From the Guidelines
Lumbar puncture lab testing should include opening pressure, CSF and serum glucose, CSF protein, 2x MC&S, virology PCR, and lactate, as recommended by the most recent guidelines 1. When performing a lumbar puncture, it is essential to consider the potential complications, such as increased intracranial pressure, coagulopathy, and skin infection at the injection site, as highlighted in a study published in 2017 1. However, the value of a lumbar puncture for diagnostic purposes usually exceeds the risk of complications from the procedure. The following tests should be included in the lumbar puncture lab testing:
- Opening pressure measurement
- CSF and serum glucose
- CSF protein
- 2x MC&S (microbiology and culture)
- Virology PCR
- Lactate Additional tests, such as paired oligoclonal bands, may be considered every 24 hours, as suggested by the guidelines 1. It is also important to note that the UK Joint Specialist Societies guideline on the diagnosis and management of acute meningitis and meningococcal sepsis in immunocompetent adults recommends documenting or requesting the following during a lumbar puncture: CSF opening pressure, CSF glucose with concurrent plasma glucose, and CSF protein 1. In terms of prioritizing the single most recent and highest quality study, the 2017 study published in the Journal of Infection provides valuable insights into the complications of lumbar puncture and the importance of careful assessment of potential contraindications 1. However, the 2012 guidelines from the Association of British Neurologists and British Infection Association provide more specific recommendations for lumbar puncture lab testing 1.
From the Research
Lumbar Puncture Lab Testing
- Lumbar puncture (LP) is a diagnostic procedure used to collect cerebrospinal fluid (CSF) for laboratory analysis, commonly performed to rule out meningitis 2.

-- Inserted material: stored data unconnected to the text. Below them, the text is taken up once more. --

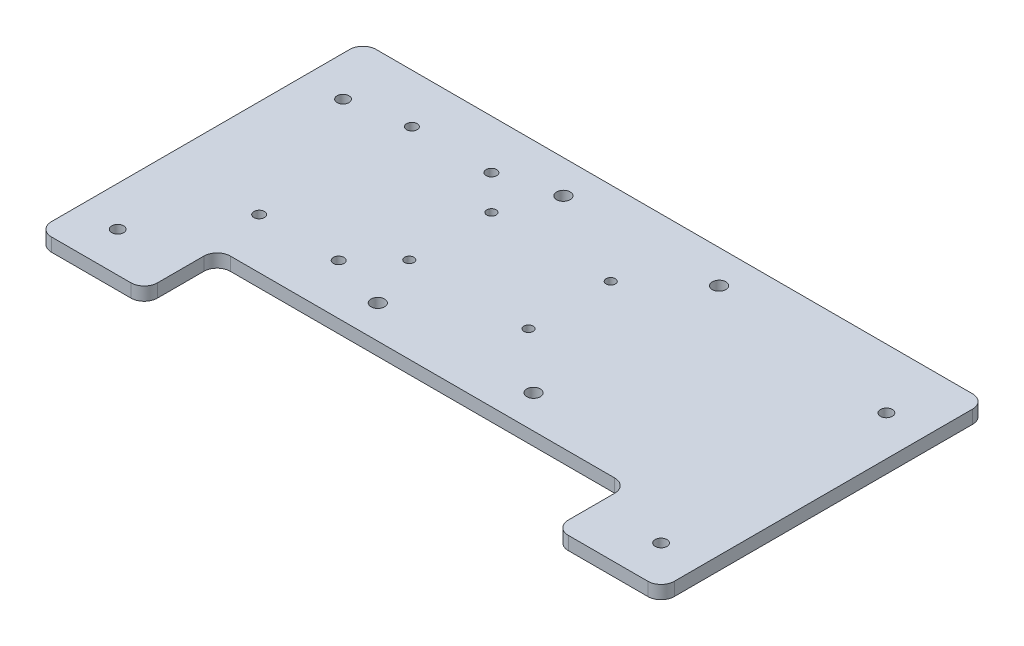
ISO-10303-21;
HEADER;
FILE_DESCRIPTION(('STEP AP214'),'2;1');
FILE_NAME('part.step','',(''),(''),'','','');
FILE_SCHEMA(('AUTOMOTIVE_DESIGN { 1 0 10303 214 1 1 1 1 }'));
ENDSEC;
DATA;
#1=APPLICATION_CONTEXT('core data for automotive mechanical design processes');
#2=APPLICATION_PROTOCOL_DEFINITION('international standard','automotive_design',2000,#1);
#3=PRODUCT_CONTEXT('',#1,'mechanical');
#4=PRODUCT('Part','Part','',(#3));
#5=PRODUCT_RELATED_PRODUCT_CATEGORY('part','',(#4));
#6=PRODUCT_DEFINITION_FORMATION('','',#4);
#7=PRODUCT_DEFINITION_CONTEXT('part definition',#1,'design');
#8=PRODUCT_DEFINITION('design','',#6,#7);
#9=PRODUCT_DEFINITION_SHAPE('','',#8);
#10=(LENGTH_UNIT() NAMED_UNIT(*) SI_UNIT(.MILLI.,.METRE.));
#11=(NAMED_UNIT(*) PLANE_ANGLE_UNIT() SI_UNIT($,.RADIAN.));
#12=(NAMED_UNIT(*) SI_UNIT($,.STERADIAN.) SOLID_ANGLE_UNIT());
#13=UNCERTAINTY_MEASURE_WITH_UNIT(LENGTH_MEASURE(1.E-05),#10,'distance_accuracy_value','');
#14=(GEOMETRIC_REPRESENTATION_CONTEXT(3) GLOBAL_UNCERTAINTY_ASSIGNED_CONTEXT((#13)) GLOBAL_UNIT_ASSIGNED_CONTEXT((#10,
#11,#12)) REPRESENTATION_CONTEXT('',''));
#15=CARTESIAN_POINT('',(0.,0.,0.));
#16=DIRECTION('',(0.,0.,1.));
#17=DIRECTION('',(1.,0.,0.));
#18=AXIS2_PLACEMENT_3D('',#15,#16,#17);
#19=CARTESIAN_POINT('',(145.,10.,-45.));
#20=DIRECTION('',(0.,1.,0.));
#21=DIRECTION('',(0.,0.,1.));
#22=AXIS2_PLACEMENT_3D('',#19,#20,#21);
#23=PLANE('',#22);
#24=CARTESIAN_POINT('',(-161.05,10.,-208.));
#25=DIRECTION('',(0.,1.,0.));
#26=DIRECTION('',(0.,0.,1.));
#27=AXIS2_PLACEMENT_3D('',#24,#25,#26);
#28=CIRCLE('',#27,3.99999999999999);
#29=CARTESIAN_POINT('',(-161.05,10.,-204.));
#30=VERTEX_POINT('',#29);
#31=EDGE_CURVE('E411',#30,#30,#28,.T.);
#32=ORIENTED_EDGE('',*,*,#31,.F.);
#33=EDGE_LOOP('',(#32));
#34=FACE_BOUND('',#33,.T.);
#35=CARTESIAN_POINT('',(-161.27839267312,10.,-93.0002267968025));
#36=DIRECTION('',(0.,1.,0.));
#37=DIRECTION('',(0.,0.,1.));
#38=AXIS2_PLACEMENT_3D('',#35,#36,#37);
#39=CIRCLE('',#38,3.99999999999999);
#40=CARTESIAN_POINT('',(-161.27839267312,10.,-89.0002267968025));
#41=VERTEX_POINT('',#40);
#42=EDGE_CURVE('E415',#41,#41,#39,.T.);
#43=ORIENTED_EDGE('',*,*,#42,.F.);
#44=EDGE_LOOP('',(#43));
#45=FACE_BOUND('',#44,.T.);
#46=CARTESIAN_POINT('',(-101.27839267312,10.,-93.0002267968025));
#47=DIRECTION('',(0.,1.,0.));
#48=DIRECTION('',(0.,0.,1.));
#49=AXIS2_PLACEMENT_3D('',#46,#47,#48);
#50=CIRCLE('',#49,4.00000000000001);
#51=CARTESIAN_POINT('',(-101.27839267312,10.,-89.0002267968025));
#52=VERTEX_POINT('',#51);
#53=EDGE_CURVE('E424',#52,#52,#50,.T.);
#54=ORIENTED_EDGE('',*,*,#53,.F.);
#55=EDGE_LOOP('',(#54));
#56=FACE_BOUND('',#55,.T.);
#57=CARTESIAN_POINT('',(-101.05,10.,-208.));
#58=DIRECTION('',(0.,1.,0.));
#59=DIRECTION('',(0.,0.,1.));
#60=AXIS2_PLACEMENT_3D('',#57,#58,#59);
#61=CIRCLE('',#60,4.00000000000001);
#62=CARTESIAN_POINT('',(-101.05,10.,-204.));
#63=VERTEX_POINT('',#62);
#64=EDGE_CURVE('E430',#63,#63,#61,.T.);
#65=ORIENTED_EDGE('',*,*,#64,.F.);
#66=EDGE_LOOP('',(#65));
#67=FACE_BOUND('',#66,.T.);
#68=CARTESIAN_POINT('',(58.75,10.,-220.));
#69=DIRECTION('',(0.,1.,0.));
#70=DIRECTION('',(0.,0.,1.));
#71=AXIS2_PLACEMENT_3D('',#68,#69,#70);
#72=CIRCLE('',#71,5.12500000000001);
#73=CARTESIAN_POINT('',(58.75,10.,-214.875));
#74=VERTEX_POINT('',#73);
#75=EDGE_CURVE('E436',#74,#74,#72,.T.);
#76=ORIENTED_EDGE('',*,*,#75,.F.);
#77=EDGE_LOOP('',(#76));
#78=FACE_BOUND('',#77,.T.);
#79=CARTESIAN_POINT('',(-58.75,10.,-220.));
#80=DIRECTION('',(0.,1.,0.));
#81=DIRECTION('',(0.,0.,1.));
#82=AXIS2_PLACEMENT_3D('',#79,#80,#81);
#83=CIRCLE('',#82,5.12500000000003);
#84=CARTESIAN_POINT('',(-58.75,10.,-214.875));
#85=VERTEX_POINT('',#84);
#86=EDGE_CURVE('E442',#85,#85,#83,.T.);
#87=ORIENTED_EDGE('',*,*,#86,.F.);
#88=EDGE_LOOP('',(#87));
#89=FACE_BOUND('',#88,.T.);
#90=CARTESIAN_POINT('',(58.75,10.,-80.));
#91=DIRECTION('',(0.,1.,0.));
#92=DIRECTION('',(0.,0.,1.));
#93=AXIS2_PLACEMENT_3D('',#90,#91,#92);
#94=CIRCLE('',#93,5.12500000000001);
#95=CARTESIAN_POINT('',(58.75,10.,-74.875));
#96=VERTEX_POINT('',#95);
#97=EDGE_CURVE('E448',#96,#96,#94,.T.);
#98=ORIENTED_EDGE('',*,*,#97,.F.);
#99=EDGE_LOOP('',(#98));
#100=FACE_BOUND('',#99,.T.);
#101=CARTESIAN_POINT('',(-58.75,10.,-80.));
#102=DIRECTION('',(0.,1.,0.));
#103=DIRECTION('',(0.,0.,1.));
#104=AXIS2_PLACEMENT_3D('',#101,#102,#103);
#105=CIRCLE('',#104,5.125);
#106=CARTESIAN_POINT('',(-58.75,10.,-74.875));
#107=VERTEX_POINT('',#106);
#108=EDGE_CURVE('E454',#107,#107,#105,.T.);
#109=ORIENTED_EDGE('',*,*,#108,.F.);
#110=EDGE_LOOP('',(#109));
#111=FACE_BOUND('',#110,.T.);
#112=CARTESIAN_POINT('',(15.,10.,-182.));
#113=DIRECTION('',(0.,1.,0.));
#114=DIRECTION('',(0.,0.,1.));
#115=AXIS2_PLACEMENT_3D('',#112,#113,#114);
#116=CIRCLE('',#115,3.5);
#117=CARTESIAN_POINT('',(15.,10.,-178.5));
#118=VERTEX_POINT('',#117);
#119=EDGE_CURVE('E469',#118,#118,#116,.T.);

- The procedure involves inserting a needle into the spinal canal to collect CSF, which is then analyzed for various parameters such as glucose, protein, and white blood cell count 3.
- The accuracy of biochemical analysis of CSF in diagnosing bacterial meningitis has been studied, with parameters such as CSF-blood glucose ratio, CSF white blood cell count, and CSF lactate level showing high likelihood ratios for diagnosing bacterial meningitis 2.
Indications and Contraindications
- Lumbar puncture is commonly performed to evaluate acute headache and investigate inflammatory or infectious diseases of the nervous system 3.
- Contraindications to lumbar puncture include increased intracranial pressure, space-occupying lesions, and bleeding disorders 4.
Procedure and Complications
- The procedure of lumbar puncture involves anatomy, needle selection, needle insertion, measurement of opening pressure, and CSF specimen handling 3.
- Complications of lumbar puncture include headache, nerve damage, and infection, although serious complications are rare 2, 4.
Repeat Lumbar Puncture
- Repeat lumbar puncture may be performed in selected cases to confirm diagnosis, exclude relapsing or persistent infection, or for therapeutic purposes 5.
- Delayed lumbar punctures can affect the diagnosis of acute bacterial meningitis, with CSF culture positivity decreasing with time after starting antibiotics 6.